How to Make a TV Show in the Age of Netflix — and Keep Writers in Vancouver

How to Make a TV Show in the Age of Netflix — and Keep Writers in Vancouver

Vancouver and Irish film production companies team up to make The Gulliver Curse, a series they hope will appeal to an international audience

Courtesy of MetroNews

If it gets produced, The Gulliver Curse could employ 500 people, 100 of them in Vancouver in post-production and visual effects work.

But first, Vancouver television production company Omnifilm and writer Simon Barry must craft a pilot script that will hook broadcasters and investors. And those players won’t buy into the show unless they’re convinced that the action and adventure fantasy story based on Gulliver’s Travels, written by Jonathan Swift in 1726, will appeal to an international audience.

“Now that people can watch whenever they want and on whatever platform, the content we have to develop and produce has to pop,” said Brian Hamilton, principal and executive producer of Omnifilm. “It has to immediately grab one’s curiosity because there are so many choices.”

Vancouver’s film sector is booming, and the region is playing host to dozens of American productions that have been conceived of and written in Los Angeles. But Hamilton and Barry say their project is an example of the kind of internationally-focused production that could bring more sustainability to Vancouver’s local industry.

“The goal is to make opportunities for more writers here so they don’t have to leave and go to Toronto or L.A.,” Barry said.

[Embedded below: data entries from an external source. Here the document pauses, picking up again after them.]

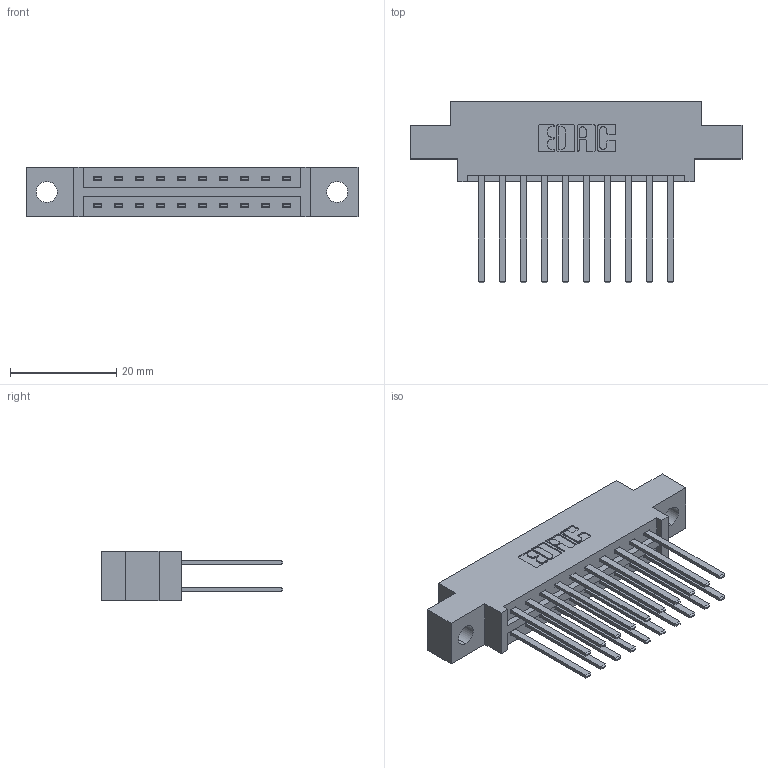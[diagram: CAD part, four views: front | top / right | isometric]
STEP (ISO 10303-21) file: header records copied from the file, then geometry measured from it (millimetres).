
FILE_DESCRIPTION (( 'STEP AP203' ), '1' );
FILE_NAME ('337-020-544-804.STEP', '2019-10-10T19:30:46', ( '' ), ( '' ), 'SwSTEP 2.0', 'SolidWorks 2016', '' );
FILE_SCHEMA (( 'CONFIG_CONTROL_DESIGN' ));
Length unit declared in the file: inch
Products named in the file (3): 345-292-001_345-293-144; 337-020-544-804; 337 Part_0.170 Offset - 0.156 Dia-TH
Assembly tree (21 placements, depth 2):
  337-020-544-804
    337 Part_0.170 Offset - 0.156 Dia-TH
    345-292-001_345-293-144  x20
Bounding box: 62.64 x 34.3 x 9.4 mm (x, y, z)
Volume: 6250.2 mm3; surface area: 7576.1 mm2
Topology: 21 solids, 21 shells, 1078 faces, 3183 edges, 2094 vertices
Faces by surface type: plane 754, cylinder 324
Entity records: 11843 total; most frequent: CARTESIAN_POINT 2022, ORIENTED_EDGE 1958, DIRECTION 1775, EDGE_CURVE 979, LINE 855, VECTOR 855, VERTEX_POINT 650, AXIS2_PLACEMENT_3D 460

“Being able to have an industry that is self-sufficient in Vancouver would be a wonderful thing for a lot of people.”

The Gulliver Curse got its start as a pilot script and series overview written by Steven de Souza, a television and film writer whose credits include the 1988 movie Die Hard. Omnifilm bought the idea and brought Barry on board to rewrite the script. Omnifilm has partnered with an Irish film and TV production company, Subotica, which would film the series in Ireland. The post-production work would get done in Vancouver.

The script development work is being partly funded with money from Creative BC a provincial entity that supports the film, animation, music and publishing sectors. The project is the first international co-production funded by the agency, and based on the success of the show, Creative BC says it may set up a fund devoted solely to such partnerships.

Writers are the heart and soul of a television series; the job of the head writer, called a showrunner, is more like the job of writer, director and producer combined. That person is responsible for shepherding the creative vision of the show and is supported by a team of writers who work on individual episodes.

While many Vancouver writers leave to work in other centres of TV and film production, Barry said he’s a rarity: he’s a Vancouverite who moved back to B.C. in 2005 after working in Los Angeles for many years. He created the Canadian sci-fi series Continuum and was the showrunner for the Syfy series Van Helsing. He hired between four and six local writers for both of those shows.

“There is a constant brain drain of people who are ambitious and talented towards other centres of film and television production,” Hamilton said.

“One of my ongoing priorities is to maintain and build the talent pool of writers here in Vancouver. It’s a huge priority for the entire producing community to provide and offer more projects and opportunities.”